Se oyeron unas risas aisladas, nerviosas. La doctora, completamente seria, anotaba algo en su libreta de apuntes. El indio colocó cuidadosamente el saco en el respaldo de la silla. Después tomó el arco. En las manos del indio, el arco dejó de ser una pieza de museo y se volvió un objeto vivo. Sus manos, anchas y morenas, lo recorrían parte por parte. No había ninguna afectación en ese reconocimiento. Su disposición era la de alguien que sabe muy bien lo que va a hacer. Con una mano sostuvo el arco y con la otra tomó las flechas. Paradójicamente se veía mucho más corpulento sin el saco. Su cuello y sus hombros eran poderosos. En su frente, inclinada para observar mejor los objetos, se marcaba una vena desde el entrecejo hasta el nacimiento del pelo. Todos lo miraban con curiosidad. No parecía el mismo que hacía unos minutos cuando contestaba pasivamente las preguntas de la doctora.

El indio, con las piernas separadas y firmemente plantado, tensó el arco. Una energía insospechada hasta entonces irradió de su cuerpo, una fuerza recíproca entre su brazo y la tensión del arco.

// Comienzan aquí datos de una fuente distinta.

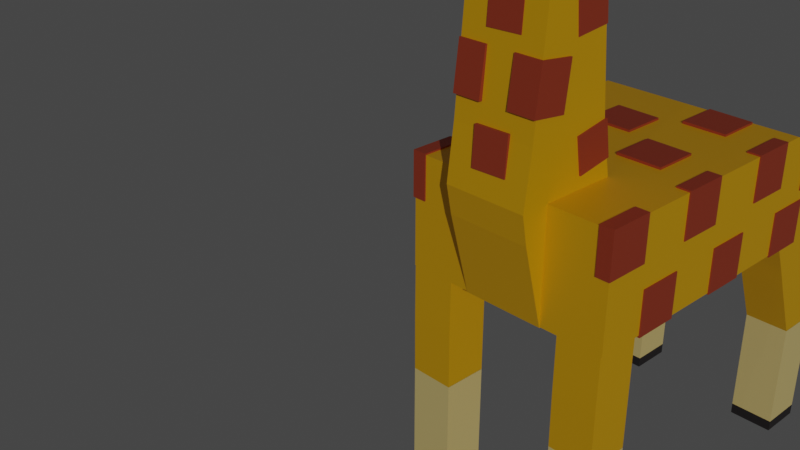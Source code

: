 # Source: GMIM_Personaje.blend  (saved by Blender 3.6.11; exported with 4.5.12 LTS)
import bpy
from mathutils import Matrix  # noqa: F401  (used for matrix-valued properties, if any)

bpy.ops.wm.read_factory_settings(use_empty=True)
scene = bpy.context.scene
scene.name = 'Scene'

# ---- collections
col_collection = bpy.data.collections.new('Collection'); scene.collection.children.link(col_collection)

# ---- materials (node trees are filled in below, after node groups)
mat_material_004 = bpy.data.materials.new('Material.004')
mat_material_004.use_transparent_shadow = False
mat_material_002 = bpy.data.materials.new('Material.002')
mat_material_002.use_transparent_shadow = False
mat_material = bpy.data.materials.new('Material')
mat_material.alpha_threshold = 0.0
mat_material.use_transparent_shadow = False
mat_material.roughness = 0.5
mat_material.line_color = (0.0, 0.0, 0.0, 1.0)
mat_material_003 = bpy.data.materials.new('Material.003')
mat_material_003.use_transparent_shadow = False
mat_material_001 = bpy.data.materials.new('Material.001')
mat_material_001.use_transparent_shadow = False

# ---- material node trees
mat_material_004.use_nodes = True; mat_material_004.node_tree.nodes.clear()
_N = mat_material_004.node_tree.nodes; _L = mat_material_004.node_tree.links
n0 = _N.new('ShaderNodeBsdfPrincipled'); n0.name = 'BSDF Principista'; n0.location = (10, 300)
n0.distribution = 'GGX'
n0.subsurface_method = 'RANDOM_WALK_SKIN'
n0.inputs[0].default_value = (0.02843, 0.02416, 0.02519, 1.0)
n0.inputs[3].default_value = 1.45
n0.inputs[27].default_value = (0.0, 0.0, 0.0, 1.0)
n0.inputs[28].default_value = 1.0
n1 = _N.new('ShaderNodeOutputMaterial'); n1.name = 'Material'; n1.location = (300, 300)
_L.new(n0.outputs[0], n1.inputs[0])
n1.is_active_output = True
mat_material_002.use_nodes = True; mat_material_002.node_tree.nodes.clear()
_N = mat_material_002.node_tree.nodes; _L = mat_material_002.node_tree.links
n0 = _N.new('ShaderNodeBsdfPrincipled'); n0.name = 'BSDF Principista'; n0.location = (10, 300)
n0.distribution = 'GGX'
n0.subsurface_method = 'RANDOM_WALK_SKIN'
n0.inputs[0].default_value = (1.0, 0.7755, 0.2953, 1.0)
n0.inputs[3].default_value = 1.45
n0.inputs[27].default_value = (0.0, 0.0, 0.0, 1.0)
n0.inputs[28].default_value = 1.0
n1 = _N.new('ShaderNodeOutputMaterial'); n1.name = 'Material'; n1.location = (300, 300)
_L.new(n0.outputs[0], n1.inputs[0])
n1.is_active_output = True
mat_material.use_nodes = True; mat_material.node_tree.nodes.clear()
_N = mat_material.node_tree.nodes; _L = mat_material.node_tree.links
n0 = _N.new('ShaderNodeOutputMaterial'); n0.name = 'Material Output'; n0.location = (300, 300)
n1 = _N.new('ShaderNodeBsdfPrincipled'); n1.name = 'Principled BSDF'; n1.location = (10, 300)
n1.distribution = 'GGX'
n1.subsurface_method = 'RANDOM_WALK_SKIN'
n1.inputs[0].default_value = (0.9734, 0.491, 0.0009107, 1.0)
n1.inputs[3].default_value = 1.45
n1.inputs[27].default_value = (0.0, 0.0, 0.0, 1.0)
n1.inputs[28].default_value = 1.0
_L.new(n1.outputs[0], n0.inputs[0])
n0.is_active_output = True
mat_material_003.use_nodes = True; mat_material_003.node_tree.nodes.clear()
_N = mat_material_003.node_tree.nodes; _L = mat_material_003.node_tree.links
n0 = _N.new('ShaderNodeBsdfPrincipled'); n0.name = 'BSDF Principista'; n0.location = (10, 300)
n0.distribution = 'GGX'
n0.subsurface_method = 'RANDOM_WALK_SKIN'
n0.inputs[0].default_value = (0.4342, 0.06125, 0.02519, 1.0)
n0.inputs[3].default_value = 1.45
n0.inputs[27].default_value = (0.0, 0.0, 0.0, 1.0)
n0.inputs[28].default_value = 1.0
n1 = _N.new('ShaderNodeOutputMaterial'); n1.name = 'Material'; n1.location = (300, 300)
_L.new(n0.outputs[0], n1.inputs[0])
n1.is_active_output = True
mat_material_001.use_nodes = True; mat_material_001.node_tree.nodes.clear()
_N = mat_material_001.node_tree.nodes; _L = mat_material_001.node_tree.links
n0 = _N.new('ShaderNodeBsdfPrincipled'); n0.name = 'BSDF Principista'; n0.location = (10, 300)
n0.distribution = 'GGX'
n0.subsurface_method = 'RANDOM_WALK_SKIN'
n0.inputs[0].default_value = (0.0, 0.0, 0.0, 1.0)
n0.inputs[3].default_value = 1.45
n0.inputs[27].default_value = (0.0, 0.0, 0.0, 1.0)
n0.inputs[28].default_value = 1.0
n1 = _N.new('ShaderNodeOutputMaterial'); n1.name = 'Material'; n1.location = (300, 300)
_L.new(n0.outputs[0], n1.inputs[0])
n1.is_active_output = True

# ---- world
world_world = bpy.data.worlds.new('World'); scene.world = world_world
world_world.use_nodes = True; world_world.node_tree.nodes.clear()
_N = world_world.node_tree.nodes; _L = world_world.node_tree.links
n0 = _N.new('ShaderNodeOutputWorld'); n0.name = 'World Output'; n0.location = (300, 300)
n1 = _N.new('ShaderNodeBackground'); n1.name = 'Background'; n1.location = (10, 300)
n1.inputs[0].default_value = (0.05088, 0.05088, 0.05088, 1.0)
_L.new(n1.outputs[0], n0.inputs[0])
n0.is_active_output = True
world_world.color = (0.05088, 0.05088, 0.05088)
world_world.use_sun_shadow = False
world_world.sun_shadow_jitter_overblur = 0.0

# ---- cameras
cam_camera = bpy.data.cameras.new('Camera')
cam_camera.clip_end = 100.0
cam_camera.ortho_scale = 7.314

# ---- lights
light_light_001 = bpy.data.lights.new('Light.001', 'POINT')
light_light_001.transmission_factor = 0.0
light_light_001.energy = 1000.0
light_light_001.shadow_soft_size = 0.1
light_light_001.shadow_maximum_resolution = 0.006
light_light_001.use_absolute_resolution = True
light_sol = bpy.data.lights.new('Sol', 'SUN')
light_sol.transmission_factor = 0.0
light_sol.energy = 1.0

# ---- meshes
me_cubo = bpy.data.meshes.new('Cubo')
me_cubo.from_pydata([(-1.0, -1.0, -1.0), (-1.0, -1.0, 1.0), (-1.0, 1.0, -1.0), (-1.0, 1.0, 1.0), (1.0, -1.0, -1.0), (1.0, -1.0, 1.0), (1.0, 1.0, -1.0), (1.0, 1.0, 1.0)], [], [(0, 1, 3, 2), (2, 3, 7, 6), (6, 7, 5, 4), (4, 5, 1, 0), (2, 6, 4, 0), (7, 3, 1, 5)])
_uv = me_cubo.uv_layers.new(name='MapaUV')
_uv.uv.foreach_set('vector', [0.375, 0.0, 0.625, 0.0, 0.625, 0.25, 0.375, 0.25, 0.375, 0.25, 0.625, 0.25, 0.625, 0.5, 0.375, 0.5, 0.375, 0.5, 0.625, 0.5, 0.625, 0.75, 0.375, 0.75, 0.375, 0.75, 0.625, 0.75, 0.625, 1.0, 0.375, 1.0, 0.125, 0.5, 0.375, 0.5, 0.375, 0.75, 0.125, 0.75, 0.625, 0.5, 0.875, 0.5, 0.875, 0.75, 0.625, 0.75])
me_cubo.materials.append(mat_material_004)
me_cubo.update()
me_cubo_001 = bpy.data.meshes.new('Cubo.001')
me_cubo_001.from_pydata([(-1.0, -1.0, -1.0), (-1.0, -1.0, 1.0), (-1.0, 1.0, -1.0), (-1.0, 1.0, 1.0), (1.0, -1.0, -1.0), (1.0, -1.0, 1.0), (1.0, 1.0, -1.0), (1.0, 1.0, 1.0)], [], [(0, 1, 3, 2), (2, 3, 7, 6), (6, 7, 5, 4), (4, 5, 1, 0), (2, 6, 4, 0), (7, 3, 1, 5)])
_uv = me_cubo_001.uv_layers.new(name='MapaUV')
_uv.uv.foreach_set('vector', [0.375, 0.0, 0.625, 0.0, 0.625, 0.25, 0.375, 0.25, 0.375, 0.25, 0.625, 0.25, 0.625, 0.5, 0.375, 0.5, 0.375, 0.5, 0.625, 0.5, 0.625, 0.75, 0.375, 0.75, 0.375, 0.75, 0.625, 0.75, 0.625, 1.0, 0.375, 1.0, 0.125, 0.5, 0.375, 0.5, 0.375, 0.75, 0.125, 0.75, 0.625, 0.5, 0.875, 0.5, 0.875, 0.75, 0.625, 0.75])
me_cubo_001.materials.append(mat_material_002)
me_cubo_001.update()
me_cubo_002 = bpy.data.meshes.new('Cubo.002')
me_cubo_002.from_pydata([(-1.0, -3.115, -1.0), (-1.0, -1.0, 1.0), (-1.0, 1.0, -1.0), (-1.0, 1.0, 1.0), (1.0, -3.115, -1.0), (1.0, -1.0, 1.0), (1.0, 1.0, -1.0), (1.0, 1.0, 1.0), (-1.0, -2.046, 0.0), (-1.0, 1.0, 0.0), (1.0, 1.0, 0.0), (1.0, -2.046, 0.0), (-1.0, 1.0, -0.5), (1.0, 1.0, -0.5), (1.0, -2.557, -0.5), (-1.0, -2.557, -0.5)], [], [(8, 1, 3, 9), (9, 3, 7, 10), (10, 7, 5, 11), (11, 5, 1, 8), (2, 6, 4, 0), (7, 3, 1, 5), (14, 11, 8, 15), (13, 10, 11, 14), (12, 9, 10, 13), (15, 8, 9, 12), (0, 15, 12, 2), (2, 12, 13, 6), (6, 13, 14, 4), (4, 14, 15, 0)])
_uv = me_cubo_002.uv_layers.new(name='MapaUV')
_uv.uv.foreach_set('vector', [0.5, 0.0, 0.625, 0.0, 0.625, 0.25, 0.5, 0.25, 0.5, 0.25, 0.625, 0.25, 0.625, 0.5, 0.5, 0.5, 0.5, 0.5, 0.625, 0.5, 0.625, 0.75, 0.5, 0.75, 0.5, 0.75, 0.625, 0.75, 0.625, 1.0, 0.5, 1.0, 0.125, 0.5, 0.375, 0.5, 0.375, 0.75, 0.125, 0.75, 0.625, 0.5, 0.875, 0.5, 0.875, 0.75, 0.625, 0.75, 0.4375, 0.75, 0.5, 0.75, 0.5, 1.0, 0.4375, 1.0, 0.4375, 0.5, 0.5, 0.5, 0.5, 0.75, 0.4375, 0.75, 0.4375, 0.25, 0.5, 0.25, 0.5, 0.5, 0.4375, 0.5, 0.4375, 0.0, 0.5, 0.0, 0.5, 0.25, 0.4375, 0.25, 0.375, 0.0, 0.4375, 0.0, 0.4375, 0.25, 0.375, 0.25, 0.375, 0.25, 0.4375, 0.25, 0.4375, 0.5, 0.375, 0.5, 0.375, 0.5, 0.4375, 0.5, 0.4375, 0.75, 0.375, 0.75, 0.375, 0.75, 0.4375, 0.75, 0.4375, 1.0, 0.375, 1.0])
me_cubo_002.materials.append(mat_material)
me_cubo_002.update()
me_cubo_003 = bpy.data.meshes.new('Cubo.003')
me_cubo_003.from_pydata([(-1.0, -1.0, -1.0), (-1.0, -1.0, 1.0), (-1.0, 1.0, -1.0), (-1.0, 0.5, 1.0), (1.0, -1.0, -1.0), (1.0, -1.0, 1.0), (1.0, 1.0, -1.0), (1.0, 0.5, 1.0), (-1.0, -1.0, 0.0), (-1.0, 1.0, 0.0), (1.0, 1.0, 0.0), (1.0, -1.0, 0.0), (-1.0, 0.0, -1.0), (-1.0, 0.0, 1.0), (1.0, 0.0, -1.0), (1.0, 0.0, 1.0), (1.0, 0.0, 0.0), (-1.0, 0.0, 0.0), (-1.0, 0.003551, 1.0), (1.0, 0.5, -1.0), (-1.0, 0.5, 0.0), (-1.0, 0.5, -1.0), (1.0, 0.003551, 1.0), (1.0, 0.5, 0.0)], [], [(20, 18, 3, 9), (9, 3, 7, 10), (16, 15, 5, 11), (11, 5, 1, 8), (12, 14, 4, 0), (15, 13, 1, 5), (4, 11, 8, 0), (14, 16, 11, 4), (2, 9, 10, 6), (21, 20, 9, 2), (0, 8, 17, 12), (19, 23, 16, 14), (22, 18, 13, 15), (21, 19, 14, 12), (23, 22, 15, 16), (8, 1, 13, 17), (10, 7, 22, 23), (2, 6, 19, 21), (7, 3, 18, 22), (6, 10, 23, 19), (12, 17, 20, 21), (17, 13, 18, 20)])
_uv = me_cubo_003.uv_layers.new(name='MapaUV')
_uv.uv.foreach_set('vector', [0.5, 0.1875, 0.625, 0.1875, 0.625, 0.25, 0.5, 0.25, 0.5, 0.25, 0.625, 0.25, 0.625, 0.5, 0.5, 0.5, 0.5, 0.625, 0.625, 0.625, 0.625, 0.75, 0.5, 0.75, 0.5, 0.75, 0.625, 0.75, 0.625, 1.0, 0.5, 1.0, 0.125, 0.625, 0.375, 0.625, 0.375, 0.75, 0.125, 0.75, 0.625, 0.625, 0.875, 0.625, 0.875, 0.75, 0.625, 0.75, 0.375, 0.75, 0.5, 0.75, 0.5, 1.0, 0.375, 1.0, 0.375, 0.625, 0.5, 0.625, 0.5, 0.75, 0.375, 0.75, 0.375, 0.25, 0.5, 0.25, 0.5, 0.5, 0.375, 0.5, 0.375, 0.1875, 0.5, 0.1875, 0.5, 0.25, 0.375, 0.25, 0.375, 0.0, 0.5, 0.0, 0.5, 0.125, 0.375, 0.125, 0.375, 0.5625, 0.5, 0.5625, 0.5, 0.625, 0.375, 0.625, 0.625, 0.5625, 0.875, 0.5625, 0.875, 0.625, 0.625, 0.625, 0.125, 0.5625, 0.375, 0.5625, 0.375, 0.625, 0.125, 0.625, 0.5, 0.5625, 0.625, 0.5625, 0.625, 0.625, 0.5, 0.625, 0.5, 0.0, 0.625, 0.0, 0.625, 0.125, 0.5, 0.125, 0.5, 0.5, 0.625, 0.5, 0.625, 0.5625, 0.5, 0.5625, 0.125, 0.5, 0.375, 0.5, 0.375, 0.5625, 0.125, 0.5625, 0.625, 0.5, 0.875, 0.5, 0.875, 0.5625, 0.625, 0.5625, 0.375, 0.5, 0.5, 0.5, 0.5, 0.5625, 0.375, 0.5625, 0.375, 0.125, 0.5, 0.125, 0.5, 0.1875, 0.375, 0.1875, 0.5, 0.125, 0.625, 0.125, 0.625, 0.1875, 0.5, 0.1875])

Nadie anotaba ya las palabras. Con una agilidad que dejó a todos en suspenso, el indio se agachó y tomó una flecha, la más larga, con el penacho de plumas. El antropólogo se levantó de su silla. Estaba pálido. La doctora había dejado su cuaderno de notas sobre el escritorio.

El indio había colocado la flecha en el arco y volvía a tensar la cuerda. Había quedado de perfil a la clase y en esa actitud era muy fácil imaginar su torso desnudo, como en un altorrelieve. La flecha ocupaba exactamente el vacío de la tensión. Su punta, al ir bajando, alcanzó casi la altura de la frente del antropólogo. La doctora tenía la boca abierta.

El toba bajó, despacio, el brazo y destensó el arco. Con delicadeza sacó la flecha y la colocó junto a las otras. Apoyó el arco en el respaldo de la silla. Retiró el saco y se lo colgó del antebrazo.

El aula, de a poco, empezó a cobrar vida. Hubo carraspeos, personas que se inclinaban buscando en el suelo sus cuadernos de notas que se les habían caído. Rápidamente se reunió el dinero con que se pagaba la colaboración del indio. Uno de los alumnos se lo entregó sin mirarlo.

El antropólogo y la doctora Dusseldorff salieron los últimos. La clase no había sido satisfactoria. Consideraban la posibilidad de conseguir otro informante. La buena disposición es fundamental para los fines científicos.

[“El dueño del fuego” de Silvia Iparaguirre en “Cuentos literarios tradicionales”, p.83, abreviado.]